2. **Custom-alphabet persistence**: `WriteTo`/`SaveWith` (allow non-embedded alphabet);
   `ReadWith`/`LoadWith` (inject a known indexer, skip language reconstruction).
3. (Optional) accurate serialized arc/node count; document that `NumEdges()` is build-time.

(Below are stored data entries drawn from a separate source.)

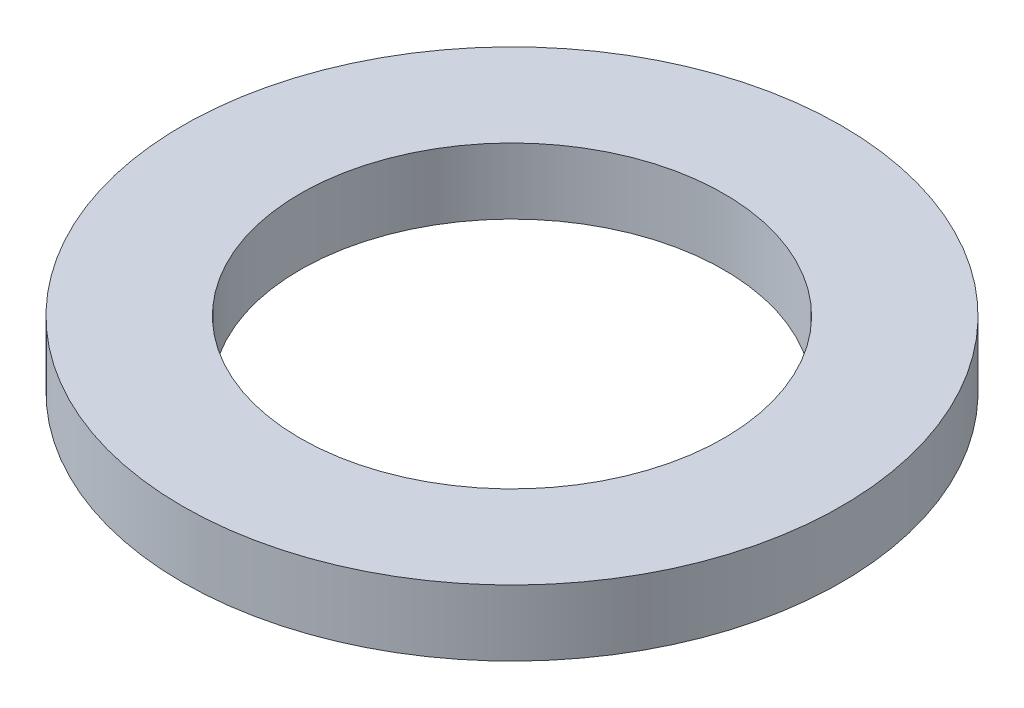
ISO-10303-21;
HEADER;
FILE_DESCRIPTION(('STEP AP214'),'2;1');
FILE_NAME('part.step','',(''),(''),'','','');
FILE_SCHEMA(('AUTOMOTIVE_DESIGN { 1 0 10303 214 1 1 1 1 }'));
ENDSEC;
DATA;
#1=APPLICATION_CONTEXT('core data for automotive mechanical design processes');
#2=APPLICATION_PROTOCOL_DEFINITION('international standard','automotive_design',2000,#1);
#3=PRODUCT_CONTEXT('',#1,'mechanical');
#4=PRODUCT('Part','Part','',(#3));
#5=PRODUCT_RELATED_PRODUCT_CATEGORY('part','',(#4));
#6=PRODUCT_DEFINITION_FORMATION('','',#4);
#7=PRODUCT_DEFINITION_CONTEXT('part definition',#1,'design');
#8=PRODUCT_DEFINITION('design','',#6,#7);
#9=PRODUCT_DEFINITION_SHAPE('','',#8);
#10=(LENGTH_UNIT() NAMED_UNIT(*) SI_UNIT(.MILLI.,.METRE.));
#11=(NAMED_UNIT(*) PLANE_ANGLE_UNIT() SI_UNIT($,.RADIAN.));
#12=(NAMED_UNIT(*) SI_UNIT($,.STERADIAN.) SOLID_ANGLE_UNIT());
#13=UNCERTAINTY_MEASURE_WITH_UNIT(LENGTH_MEASURE(1.E-05),#10,'distance_accuracy_value','');
#14=(GEOMETRIC_REPRESENTATION_CONTEXT(3) GLOBAL_UNCERTAINTY_ASSIGNED_CONTEXT((#13)) GLOBAL_UNIT_ASSIGNED_CONTEXT((#10,
#11,#12)) REPRESENTATION_CONTEXT('',''));
#15=CARTESIAN_POINT('',(0.,0.,0.));
#16=DIRECTION('',(0.,0.,1.));
#17=DIRECTION('',(1.,0.,0.));
#18=AXIS2_PLACEMENT_3D('',#15,#16,#17);
#19=CARTESIAN_POINT('',(0.,14.,0.));
#20=DIRECTION('',(0.,-1.,0.));
#21=DIRECTION('',(0.,0.,-1.));
#22=AXIS2_PLACEMENT_3D('',#19,#20,#21);
#23=CYLINDRICAL_SURFACE('',#22,70.);
#24=CARTESIAN_POINT('',(0.,14.,0.));
#25=DIRECTION('',(0.,1.,0.));
#26=DIRECTION('',(0.,0.,1.));
#27=AXIS2_PLACEMENT_3D('',#24,#25,#26);
#28=CIRCLE('',#27,70.);
#29=CARTESIAN_POINT('',(0.,14.,70.));
#30=VERTEX_POINT('',#29);
#31=EDGE_CURVE('E10',#30,#30,#28,.T.);
#32=ORIENTED_EDGE('',*,*,#31,.F.);
#33=EDGE_LOOP('',(#32));
#34=FACE_BOUND('',#33,.T.);
#35=CARTESIAN_POINT('',(0.,0.,0.));
#36=DIRECTION('',(0.,1.,0.));
#37=DIRECTION('',(0.,0.,1.));
#38=AXIS2_PLACEMENT_3D('',#35,#36,#37);
#39=CIRCLE('',#38,70.);
#40=CARTESIAN_POINT('',(0.,0.,70.));
#41=VERTEX_POINT('',#40);
#42=EDGE_CURVE('E37',#41,#41,#39,.T.);
#43=ORIENTED_EDGE('',*,*,#42,.T.);
#44=EDGE_LOOP('',(#43));
#45=FACE_BOUND('',#44,.T.);
#46=ADVANCED_FACE('F40',(#34,#45),#23,.T.);
#47=CARTESIAN_POINT('',(0.,14.,0.));
#48=DIRECTION('',(0.,1.,0.));
#49=DIRECTION('',(0.,0.,1.));
#50=AXIS2_PLACEMENT_3D('',#47,#48,#49);
#51=PLANE('',#50);
#52=CARTESIAN_POINT('',(0.,14.,0.));
#53=DIRECTION('',(0.,1.,0.));
#54=DIRECTION('',(0.,0.,1.));
#55=AXIS2_PLACEMENT_3D('',#52,#53,#54);
#56=CIRCLE('',#55,45.);
#57=CARTESIAN_POINT('',(0.,14.,45.));
#58=VERTEX_POINT('',#57);
#59=EDGE_CURVE('E50',#58,#58,#56,.T.);
#60=ORIENTED_EDGE('',*,*,#59,.F.);
#61=EDGE_LOOP('',(#60));
#62=FACE_BOUND('',#61,.T.);
#63=ORIENTED_EDGE('',*,*,#31,.T.);
#64=EDGE_LOOP('',(#63));
#65=FACE_BOUND('',#64,.T.);
#66=ADVANCED_FACE('F59',(#62,#65),#51,.T.);
#67=CARTESIAN_POINT('',(0.,0.,0.));
#68=DIRECTION('',(0.,1.,0.));
#69=DIRECTION('',(0.,0.,1.));
#70=AXIS2_PLACEMENT_3D('',#67,#68,#69);
#71=PLANE('',#70);
#72=CARTESIAN_POINT('',(0.,0.,0.));
#73=DIRECTION('',(0.,1.,0.));
#74=DIRECTION('',(0.,0.,1.));
#75=AXIS2_PLACEMENT_3D('',#72,#73,#74);
#76=CIRCLE('',#75,45.);
#77=CARTESIAN_POINT('',(0.,0.,45.));
#78=VERTEX_POINT('',#77);
#79=EDGE_CURVE('E47',#78,#78,#76,.T.);
#80=ORIENTED_EDGE('',*,*,#79,.T.);
#81=EDGE_LOOP('',(#80));
#82=FACE_BOUND('',#81,.T.);
#83=ORIENTED_EDGE('',*,*,#42,.F.);
#84=EDGE_LOOP('',(#83));
#85=FACE_BOUND('',#84,.T.);
#86=ADVANCED_FACE('F58',(#82,#85),#71,.F.);
#87=CARTESIAN_POINT('',(0.,14.,0.));
#88=DIRECTION('',(0.,-1.,0.));
#89=DIRECTION('',(0.,0.,-1.));
#90=AXIS2_PLACEMENT_3D('',#87,#88,#89);
#91=CYLINDRICAL_SURFACE('',#90,45.);
#92=ORIENTED_EDGE('',*,*,#59,.T.);
#93=EDGE_LOOP('',(#92));
#94=FACE_BOUND('',#93,.T.);
#95=ORIENTED_EDGE('',*,*,#79,.F.);
#96=EDGE_LOOP('',(#95));
#97=FACE_BOUND('',#96,.T.);
#98=ADVANCED_FACE('F54',(#94,#97),#91,.F.);
#99=CLOSED_SHELL('',(#46,#66,#86,#98));
#100=MANIFOLD_SOLID_BREP('B2',#99);
#101=ADVANCED_BREP_SHAPE_REPRESENTATION('',(#18,#100),#14);
#102=SHAPE_DEFINITION_REPRESENTATION(#9,#101);
ENDSEC;
END-ISO-10303-21;

## Data model & compact formats

- **Byte symbol**: low 6 bits = alphabet index; `0x80` = wildcard/blank (I/O only);
  `◊` = index `len(alphabet)` (GADDAG graph only).
- **Board**: `[]byte`, row-major. `0` = empty; occupied = `letterIndex+1`; blank =
  `(letterIndex+1) | 0x80`. Helpers: `At`, `Set`, `Transpose`, premium lookup.
- **Rack**: `[]byte` counts, length `alphabetSize+1`; last slot = blank count.
- **`Play`**: `{Row, Col; Dir; Tiles []byte (0x80 flags); Main; CrossWords; Score;
  Breakdown}` — input for apply/validate/score and the output element.
- **Modes**: `Both`, `Horizontal`, `Vertical`.

## Staged implementation

- **Stage 0** — Scaffolding & docs: `ALGORITHM.md`, `PLAN.md`, `dictionaries/` submodule,
  `go.mod` replace, `.gitignore`.
- **Stage 1** — dafsa traversal API (shared): `Node`, `Root`, `Next`, `Arcs`, cursor; tests.
- **Stage 2** — dafsa custom-alphabet persistence: `SaveWith`/`ReadWith`; round-trip.
- **Stage 3** — Shared infra: encoding, board (+transpose), rack, rules (EN; Эрудит stub),
  scoring, `Generator` interface, `Move`/`Play` types.
- **Stage 4** — Dictionary build: `internal/dictdawg` + `internal/gaddag`; `cmd/builddict`
  caching serialized DAWG **and** GADDAG in `testdata`.
- **Stage 5** — Cross-sets: DAWG cross-checks (incl. non-deterministic left set) and GADDAG
  deterministic cross-sets; validated against each other + brute force on a small lexicon.
- **Stage 6** — DAWG generator (`LeftPart`/`ExtendRight`).
- **Stage 7** — GADDAG generator (`Gen`/`GoOn`).
- **Stage 8** — Correctness gate: DAWG and GADDAG identical move sets on random positions
  (each move once) + brute force on a tiny dictionary. Must pass before perf comparison.
- **Stage 9** — Self-play stress test: `selfplay` engine (bag, racks, greedy policy,
  seeded RNG, end conditions); `cmd/stress` plays N games per generator measuring time,
  arcs, allocations (`runtime.MemStats`), peak RSS (`/proc/self/status` VmHWM), footprint;
  emit `RESULTS.md`.
- **Stage 10** — Decision + public API: choose default from `RESULTS.md` (both selectable);
  finalize `Solver` API, Play↔board constructors, examples.
- **Stage 11** — Polish: benchmarks, README, optional prebuilt-graph distribution.

## Verification

- `go test ./...`, `go vet`, lint green per stage.
- Mutual oracle (Stage 8): identical move sets; brute force on a tiny dictionary.
- Build EN structures from the SOWPODS submodule via `cmd/builddict`; run `GenerateMoves`
  on canonical positions (e.g. Gordon's "CARE on ABLE") and assert top moves/scores.
- Run `cmd/stress` (100–1000 seeded games per generator) → `RESULTS.md`.

## Assumptions & caveats

- Both algorithms ship; the production default is decided by the stress test. Both remain
  selectable.
- Self-play policy defaults to **greedy** (deterministic tie-break, seeded RNG); tunable.
- Separator = real 27th token (`◊`, index = size, `cbits=5`); `0x40` reserved on the board.
  Wildcard/blank = `0x80`, never in the graph.
- **Stateless per-call** generation in v1 (anchors + cross-sets recomputed per call);
  incremental maintenance is a later optimization (both generators run stateless — a
  fairness note for the comparison).
- Persistence stores only the graph; the (custom) alphabet is injected on load.
- Russian "Эрудит" alphabet specifics (Е/Ё handling, tile values/counts) resolved at
  Stage 3/4; "one word per move, H or V" is satisfied by the modes.
- The final-flag GADDAG is larger than Gordon's letter-set form; letter-sets-on-arcs
  remain a possible future optimization.